All four account books arrived, their covers well-preserved under oilcloth wrappings, and each book's title page bore Yue Fei's handwritten signature – "Fei".
"On the 28th day of the twelfth month of the eleventh year of Shaoxing, Yue Shaobao entrusted someone to take out the last book. I hid the remaining books in four different places to prevent them from being seized by the Imperial City Guard."
Zhu Fu's withered fingers turned the pages of the ledger in the granary, displaying the list of military personnel coded with numbers page by page.
"The number, date, and transportation route of each batch of military equipment allocation are recorded in the code, which corresponds to the names, aliases, military ranks, and current residences of the former Yue Family Army members. I have kept these ledgers for twelve years, and today I am handing them all over to you."
Yue Yinping picked up the account book from Ezhou, turned to the title page, and when she saw her father's familiar signature, her hand finally trembled slightly.
Yue Yinping tried hard to hold back her tears, and after a while she gently closed the account book and placed it on the table, saying to Zhu Fu, "Mr. Zhu, you've worked hard."
Zhu Fu waved his hand, his voice carrying a sense of relief.
"I have only been keeping things safe for Young Master Yue for twelve years, and I have never lost a single page."
Why did Yue Shaobao split the list into two lines back then?
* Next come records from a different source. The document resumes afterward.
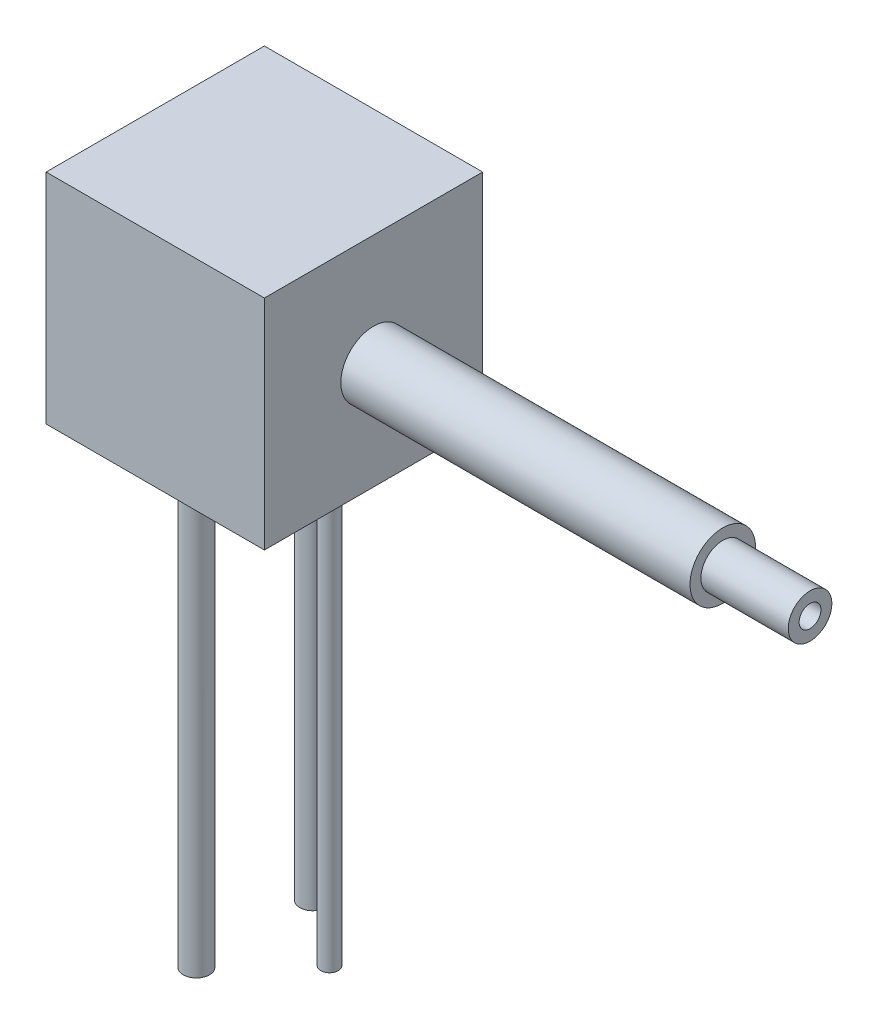
ISO-10303-21;
HEADER;
FILE_DESCRIPTION(('STEP AP214'),'2;1');
FILE_NAME('part.step','',(''),(''),'','','');
FILE_SCHEMA(('AUTOMOTIVE_DESIGN { 1 0 10303 214 1 1 1 1 }'));
ENDSEC;
DATA;
#1=APPLICATION_CONTEXT('core data for automotive mechanical design processes');
#2=APPLICATION_PROTOCOL_DEFINITION('international standard','automotive_design',2000,#1);
#3=PRODUCT_CONTEXT('',#1,'mechanical');
#4=PRODUCT('Part','Part','',(#3));
#5=PRODUCT_RELATED_PRODUCT_CATEGORY('part','',(#4));
#6=PRODUCT_DEFINITION_FORMATION('','',#4);
#7=PRODUCT_DEFINITION_CONTEXT('part definition',#1,'design');
#8=PRODUCT_DEFINITION('design','',#6,#7);
#9=PRODUCT_DEFINITION_SHAPE('','',#8);
#10=(LENGTH_UNIT() NAMED_UNIT(*) SI_UNIT(.MILLI.,.METRE.));
#11=(NAMED_UNIT(*) PLANE_ANGLE_UNIT() SI_UNIT($,.RADIAN.));
#12=(NAMED_UNIT(*) SI_UNIT($,.STERADIAN.) SOLID_ANGLE_UNIT());
#13=UNCERTAINTY_MEASURE_WITH_UNIT(LENGTH_MEASURE(1.E-05),#10,'distance_accuracy_value','');
#14=(GEOMETRIC_REPRESENTATION_CONTEXT(3) GLOBAL_UNCERTAINTY_ASSIGNED_CONTEXT((#13)) GLOBAL_UNIT_ASSIGNED_CONTEXT((#10,
#11,#12)) REPRESENTATION_CONTEXT('',''));
#15=CARTESIAN_POINT('',(0.,0.,0.));
#16=DIRECTION('',(0.,0.,1.));
#17=DIRECTION('',(1.,0.,0.));
#18=AXIS2_PLACEMENT_3D('',#15,#16,#17);
#19=CARTESIAN_POINT('',(250.,500.,-250.));
#20=DIRECTION('',(-1.,0.,0.));
#21=DIRECTION('',(0.,0.,1.));
#22=AXIS2_PLACEMENT_3D('',#19,#20,#21);
#23=PLANE('',#22);
#24=CARTESIAN_POINT('',(250.,244.080255807734,0.));
#25=DIRECTION('',(1.,0.,0.));
#26=DIRECTION('',(0.,0.,-1.));
#27=AXIS2_PLACEMENT_3D('',#24,#25,#26);
#28=CIRCLE('',#27,75.);
#29=CARTESIAN_POINT('',(250.,244.080255807734,-75.0000000000001));
#30=VERTEX_POINT('',#29);
#31=EDGE_CURVE('E42',#30,#30,#28,.T.);
#32=ORIENTED_EDGE('',*,*,#31,.F.);
#33=EDGE_LOOP('',(#32));
#34=FACE_BOUND('',#33,.T.);
#35=DIRECTION('',(0.,0.,-1.));
#36=VECTOR('',#35,1.);
#37=CARTESIAN_POINT('',(250.,0.,-250.));
#38=LINE('',#37,#36);
#39=CARTESIAN_POINT('',(250.,0.,250.));
#40=VERTEX_POINT('',#39);
#41=CARTESIAN_POINT('',(250.,0.,-250.));
#42=VERTEX_POINT('',#41);
#43=EDGE_CURVE('E102',#40,#42,#38,.T.);
#44=ORIENTED_EDGE('',*,*,#43,.T.);
#45=DIRECTION('',(0.,-1.,0.));
#46=VECTOR('',#45,1.);
#47=CARTESIAN_POINT('',(250.,500.,-250.));
#48=LINE('',#47,#46);
#49=CARTESIAN_POINT('',(250.,500.,-250.));
#50=VERTEX_POINT('',#49);
#51=EDGE_CURVE('E93',#50,#42,#48,.T.);
#52=ORIENTED_EDGE('',*,*,#51,.F.);
#53=DIRECTION('',(0.,0.,-1.));
#54=VECTOR('',#53,1.);
#55=CARTESIAN_POINT('',(250.,500.,-250.));
#56=LINE('',#55,#54);
#57=CARTESIAN_POINT('',(250.,500.,250.));
#58=VERTEX_POINT('',#57);
#59=EDGE_CURVE('E87',#58,#50,#56,.T.);
#60=ORIENTED_EDGE('',*,*,#59,.F.);
#61=DIRECTION('',(0.,-1.,0.));
#62=VECTOR('',#61,1.);
#63=CARTESIAN_POINT('',(250.,500.,250.));
#64=LINE('',#63,#62);
#65=EDGE_CURVE('E98',#58,#40,#64,.T.);
#66=ORIENTED_EDGE('',*,*,#65,.T.);
#67=EDGE_LOOP('',(#44,#52,#60,#66));
#68=FACE_BOUND('',#67,.T.);
#69=ADVANCED_FACE('F33',(#34,#68),#23,.F.);
#70=CARTESIAN_POINT('',(-250.,500.,-250.));
#71=DIRECTION('',(0.,0.,1.));
#72=DIRECTION('',(1.,0.,0.));
#73=AXIS2_PLACEMENT_3D('',#70,#71,#72);
#74=PLANE('',#73);
#75=DIRECTION('',(-1.,0.,0.));
#76=VECTOR('',#75,1.);
#77=CARTESIAN_POINT('',(-250.,0.,-250.));
#78=LINE('',#77,#76);
#79=CARTESIAN_POINT('',(-250.,0.,-250.));
#80=VERTEX_POINT('',#79);
#81=EDGE_CURVE('E92',#42,#80,#78,.T.);
#82=ORIENTED_EDGE('',*,*,#81,.T.);
#83=DIRECTION('',(0.,-1.,0.));
#84=VECTOR('',#83,1.);
#85=CARTESIAN_POINT('',(-250.,500.,-250.));
#86=LINE('',#85,#84);
#87=CARTESIAN_POINT('',(-250.,500.,-250.));
#88=VERTEX_POINT('',#87);
#89=EDGE_CURVE('E90',#88,#80,#86,.T.);
#90=ORIENTED_EDGE('',*,*,#89,.F.);
#91=DIRECTION('',(-1.,0.,0.));
#92=VECTOR('',#91,1.);
#93=CARTESIAN_POINT('',(-250.,500.,-250.));
#94=LINE('',#93,#92);
#95=EDGE_CURVE('E82',#50,#88,#94,.T.);
#96=ORIENTED_EDGE('',*,*,#95,.F.);
#97=ORIENTED_EDGE('',*,*,#51,.T.);
#98=EDGE_LOOP('',(#82,#90,#96,#97));
#99=FACE_BOUND('',#98,.T.);
#100=ADVANCED_FACE('F91',(#99),#74,.F.);
#101=CARTESIAN_POINT('',(-250.,500.,-250.));
#102=DIRECTION('',(1.,0.,0.));
#103=DIRECTION('',(0.,0.,-1.));
#104=AXIS2_PLACEMENT_3D('',#101,#102,#103);
#105=PLANE('',#104);
#106=DIRECTION('',(0.,0.,1.));
#107=VECTOR('',#106,1.);
#108=CARTESIAN_POINT('',(-250.,0.,-250.));
#109=LINE('',#108,#107);
#110=CARTESIAN_POINT('',(-250.,0.,250.));
#111=VERTEX_POINT('',#110);
#112=EDGE_CURVE('E68',#80,#111,#109,.T.);
#113=ORIENTED_EDGE('',*,*,#112,.T.);
#114=DIRECTION('',(0.,-1.,0.));
#115=VECTOR('',#114,1.);
#116=CARTESIAN_POINT('',(-250.,500.,250.));
#117=LINE('',#116,#115);
#118=CARTESIAN_POINT('',(-250.,500.,250.));
#119=VERTEX_POINT('',#118);
#120=EDGE_CURVE('E94',#119,#111,#117,.T.);
#121=ORIENTED_EDGE('',*,*,#120,.F.);
#122=DIRECTION('',(0.,0.,1.));
#123=VECTOR('',#122,1.);
#124=CARTESIAN_POINT('',(-250.,500.,-250.));
#125=LINE('',#124,#123);
#126=EDGE_CURVE('E85',#88,#119,#125,.T.);
#127=ORIENTED_EDGE('',*,*,#126,.F.);
#128=ORIENTED_EDGE('',*,*,#89,.T.);
#129=EDGE_LOOP('',(#113,#121,#127,#128));
#130=FACE_BOUND('',#129,.T.);
#131=ADVANCED_FACE('F96',(#130),#105,.F.);
#132=CARTESIAN_POINT('',(-250.,500.,250.));
#133=DIRECTION('',(0.,0.,-1.));
#134=DIRECTION('',(-1.,0.,0.));
#135=AXIS2_PLACEMENT_3D('',#132,#133,#134);
#136=PLANE('',#135);
#137=DIRECTION('',(1.,0.,0.));
#138=VECTOR('',#137,1.);
#139=CARTESIAN_POINT('',(-250.,0.,250.));
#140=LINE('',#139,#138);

The list of military officers was in Zhou Sanwei's hands, while the list of military personnel in the Transport Department was in my hands. I don't know either.
But now it seems that he separated the military commanders' faction from the army's faction to prevent Qin Hui from wiping them all out in one fell swoop.
Yue Yinping looked up. "Where is Zhou Sanwei's list now?"
"When Zhou Sanwei, the Chief Justice of the Court of Judicial Review, presided over the trial of Yue Fei in the eleventh year of the Shaoxing era, he secretly protected a group of Yue Fei's army generals."
He compiled a separate register of these people's names and sealed it in a secret room of the Dali Temple. On it was a note written by Yue Fei himself: "This register is kept until the mandate of Heaven."
Later, Zhou Sanwei passed the list to Zhijia, who hid it somewhere before being arrested in Lin'an; its whereabouts remain unknown to this day.
Zhao Bocong's name was not on the list brought by Zhu Fu.
Yue Fei placed Zhao Bocong at the top of Zhou Sanwei's "military generals" list, managing him separately from the generals.
Zhu Fei said he didn't know the exact whereabouts of Zhou Sanwei's list, only that Zhijia had mentioned it to him before his arrest, "The other one is in Lin'an, someone will find it."
Xiao Bieli stood in the corner of the dark cellar without saying a word, but his gaze was fixed on the stack of account books on the table in the candlelight, and his fingers unconsciously twirled the faded red string on his wrist.
The list contains the names of seventy-nine officers and more than 1,300 soldiers.
He searched for two years on his exile and only found more than sixty, while Zhu Fu preserved the entire military line intact using four account books.
All the lonely searching of the past two years has now been proven to be worthwhile; Zhu Fu has been recording his every step in the dilapidated Taoist temple using a coded system.
Zhu Fu continued flipping to the middle of the list, and after a while, he explained.
"These names are divided into two categories: officers are former Yue Family Army officers scattered in the prefectures and counties along the Jinghu North Road and the Han River, while soldiers are veterans who have been infiltrated under pseudonyms."
At the end of the list, I have listed eight key nodes that need to be activated first. These eight people were the core mid-level commanders of the Northern Expedition during the tenth year of Shaoxing.
Once activated, they can activate the entire chain of officers, who in turn activate their subordinate soldiers in turn.